Top of Available data
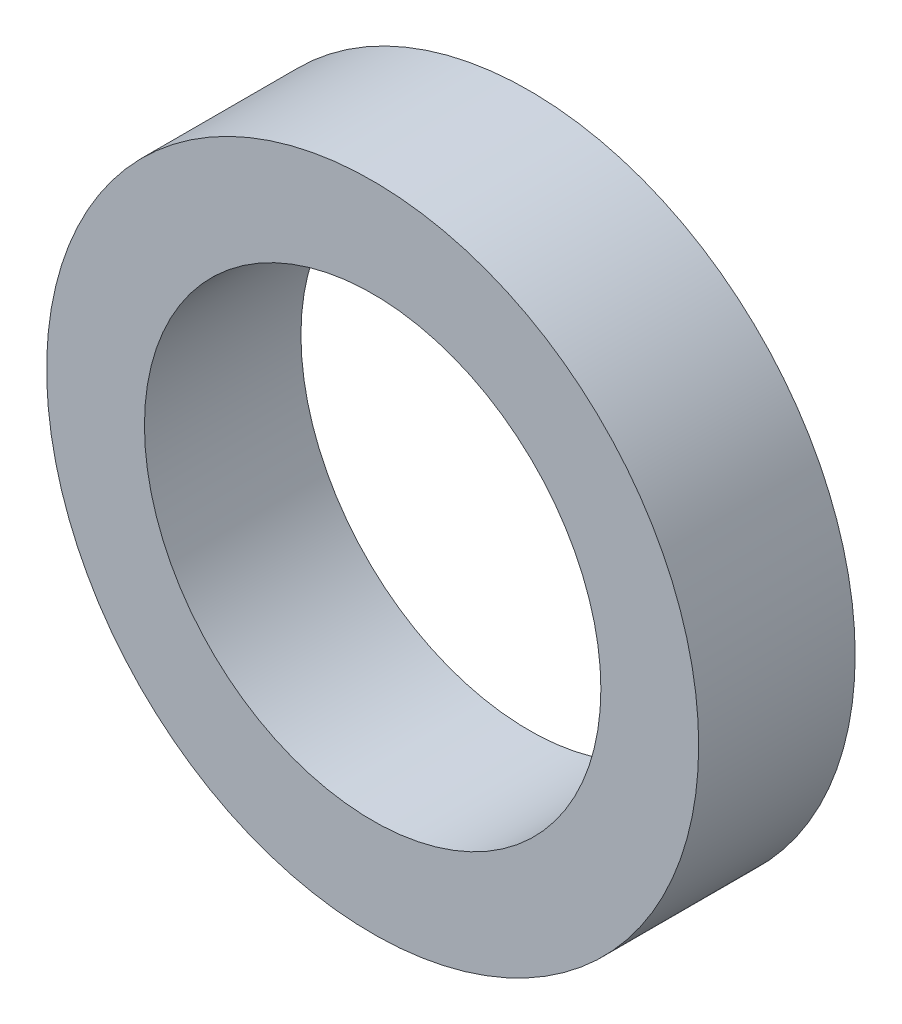
ISO-10303-21;
HEADER;
FILE_DESCRIPTION(('STEP AP214'),'2;1');
FILE_NAME('part.step','',(''),(''),'','','');
FILE_SCHEMA(('AUTOMOTIVE_DESIGN { 1 0 10303 214 1 1 1 1 }'));
ENDSEC;
DATA;
#1=APPLICATION_CONTEXT('core data for automotive mechanical design processes');
#2=APPLICATION_PROTOCOL_DEFINITION('international standard','automotive_design',2000,#1);
#3=PRODUCT_CONTEXT('',#1,'mechanical');
#4=PRODUCT('Part','Part','',(#3));
#5=PRODUCT_RELATED_PRODUCT_CATEGORY('part','',(#4));
#6=PRODUCT_DEFINITION_FORMATION('','',#4);
#7=PRODUCT_DEFINITION_CONTEXT('part definition',#1,'design');
#8=PRODUCT_DEFINITION('design','',#6,#7);
#9=PRODUCT_DEFINITION_SHAPE('','',#8);
#10=(LENGTH_UNIT() NAMED_UNIT(*) SI_UNIT(.MILLI.,.METRE.));
#11=(NAMED_UNIT(*) PLANE_ANGLE_UNIT() SI_UNIT($,.RADIAN.));
#12=(NAMED_UNIT(*) SI_UNIT($,.STERADIAN.) SOLID_ANGLE_UNIT());
#13=UNCERTAINTY_MEASURE_WITH_UNIT(LENGTH_MEASURE(1.E-05),#10,'distance_accuracy_value','');
#14=(GEOMETRIC_REPRESENTATION_CONTEXT(3) GLOBAL_UNCERTAINTY_ASSIGNED_CONTEXT((#13)) GLOBAL_UNIT_ASSIGNED_CONTEXT((#10,
#11,#12)) REPRESENTATION_CONTEXT('',''));
#15=CARTESIAN_POINT('',(0.,0.,0.));
#16=DIRECTION('',(0.,0.,1.));
#17=DIRECTION('',(1.,0.,0.));
#18=AXIS2_PLACEMENT_3D('',#15,#16,#17);
#19=CARTESIAN_POINT('',(0.,0.,-6.));
#20=DIRECTION('',(0.,0.,1.));
#21=DIRECTION('',(1.,0.,0.));
#22=AXIS2_PLACEMENT_3D('',#19,#20,#21);
#23=CYLINDRICAL_SURFACE('',#22,12.5);
#24=CARTESIAN_POINT('',(0.,0.,-6.));
#25=DIRECTION('',(0.,0.,1.));
#26=DIRECTION('',(1.,0.,0.));
#27=AXIS2_PLACEMENT_3D('',#24,#25,#26);
#28=CIRCLE('',#27,12.5);
#29=CARTESIAN_POINT('',(12.5,0.,-6.));
#30=VERTEX_POINT('',#29);
#31=EDGE_CURVE('E10',#30,#30,#28,.T.);
#32=ORIENTED_EDGE('',*,*,#31,.T.);
#33=EDGE_LOOP('',(#32));
#34=FACE_BOUND('',#33,.T.);
#35=CARTESIAN_POINT('',(0.,0.,0.));
#36=DIRECTION('',(0.,0.,1.));
#37=DIRECTION('',(1.,0.,0.));
#38=AXIS2_PLACEMENT_3D('',#35,#36,#37);
#39=CIRCLE('',#38,12.5);
#40=CARTESIAN_POINT('',(12.5,0.,0.));
#41=VERTEX_POINT('',#40);
#42=EDGE_CURVE('E37',#41,#41,#39,.T.);
#43=ORIENTED_EDGE('',*,*,#42,.F.);
#44=EDGE_LOOP('',(#43));
#45=FACE_BOUND('',#44,.T.);
#46=ADVANCED_FACE('F34',(#34,#45),#23,.T.);
#47=CARTESIAN_POINT('',(0.,0.,-6.));
#48=DIRECTION('',(0.,0.,1.));
#49=DIRECTION('',(1.,0.,0.));
#50=AXIS2_PLACEMENT_3D('',#47,#48,#49);
#51=PLANE('',#50);
#52=CARTESIAN_POINT('',(0.,0.,-6.));
#53=DIRECTION('',(0.,0.,1.));
#54=DIRECTION('',(1.,0.,0.));
#55=AXIS2_PLACEMENT_3D('',#52,#53,#54);
#56=CIRCLE('',#55,8.75);
#57=CARTESIAN_POINT('',(8.75,0.,-6.));
#58=VERTEX_POINT('',#57);
#59=EDGE_CURVE('E47',#58,#58,#56,.T.);
#60=ORIENTED_EDGE('',*,*,#59,.T.);
#61=EDGE_LOOP('',(#60));
#62=FACE_BOUND('',#61,.T.);
#63=ORIENTED_EDGE('',*,*,#31,.F.);
#64=EDGE_LOOP('',(#63));
#65=FACE_BOUND('',#64,.T.);
#66=ADVANCED_FACE('F55',(#62,#65),#51,.F.);
#67=CARTESIAN_POINT('',(0.,0.,0.));
#68=DIRECTION('',(0.,0.,1.));
#69=DIRECTION('',(1.,0.,0.));
#70=AXIS2_PLACEMENT_3D('',#67,#68,#69);
#71=PLANE('',#70);
#72=CARTESIAN_POINT('',(0.,0.,0.));
#73=DIRECTION('',(0.,0.,1.));
#74=DIRECTION('',(1.,0.,0.));
#75=AXIS2_PLACEMENT_3D('',#72,#73,#74);
#76=CIRCLE('',#75,8.75);
#77=CARTESIAN_POINT('',(8.75,0.,0.));
#78=VERTEX_POINT('',#77);
#79=EDGE_CURVE('E49',#78,#78,#76,.T.);
#80=ORIENTED_EDGE('',*,*,#79,.F.);
#81=EDGE_LOOP('',(#80));
#82=FACE_BOUND('',#81,.T.);
#83=ORIENTED_EDGE('',*,*,#42,.T.);
#84=EDGE_LOOP('',(#83));
#85=FACE_BOUND('',#84,.T.);
#86=ADVANCED_FACE('F61',(#82,#85),#71,.T.);
#87=CARTESIAN_POINT('',(0.,0.,-6.));
#88=DIRECTION('',(0.,0.,1.));
#89=DIRECTION('',(1.,0.,0.));
#90=AXIS2_PLACEMENT_3D('',#87,#88,#89);
#91=CYLINDRICAL_SURFACE('',#90,8.75);
#92=ORIENTED_EDGE('',*,*,#59,.F.);
#93=EDGE_LOOP('',(#92));
#94=FACE_BOUND('',#93,.T.);
#95=ORIENTED_EDGE('',*,*,#79,.T.);
#96=EDGE_LOOP('',(#95));
#97=FACE_BOUND('',#96,.T.);
#98=ADVANCED_FACE('F58',(#94,#97),#91,.F.);
#99=CLOSED_SHELL('',(#46,#66,#86,#98));
#100=MANIFOLD_SOLID_BREP('B2',#99);
#101=ADVANCED_BREP_SHAPE_REPRESENTATION('',(#18,#100),#14);
#102=SHAPE_DEFINITION_REPRESENTATION(#9,#101);
ENDSEC;
END-ISO-10303-21;
Bottom of Available data
*What you have to do*.
Using the entries above, repeat only the lines from the one containing "#38=AXIS2_PLACEMENT_3D('',#35,#36,#37);" through the one containing "#46=ADVANCED_FACE('F34',(#34,#45),#23,.T.);", end lines included.

*Response*.
#38=AXIS2_PLACEMENT_3D('',#35,#36,#37);
#39=CIRCLE('',#38,12.5);
#40=CARTESIAN_POINT('',(12.5,0.,0.));
#41=VERTEX_POINT('',#40);
#42=EDGE_CURVE('E37',#41,#41,#39,.T.);
#43=ORIENTED_EDGE('',*,*,#42,.F.);
#44=EDGE_LOOP('',(#43));
#45=FACE_BOUND('',#44,.T.);
#46=ADVANCED_FACE('F34',(#34,#45),#23,.T.);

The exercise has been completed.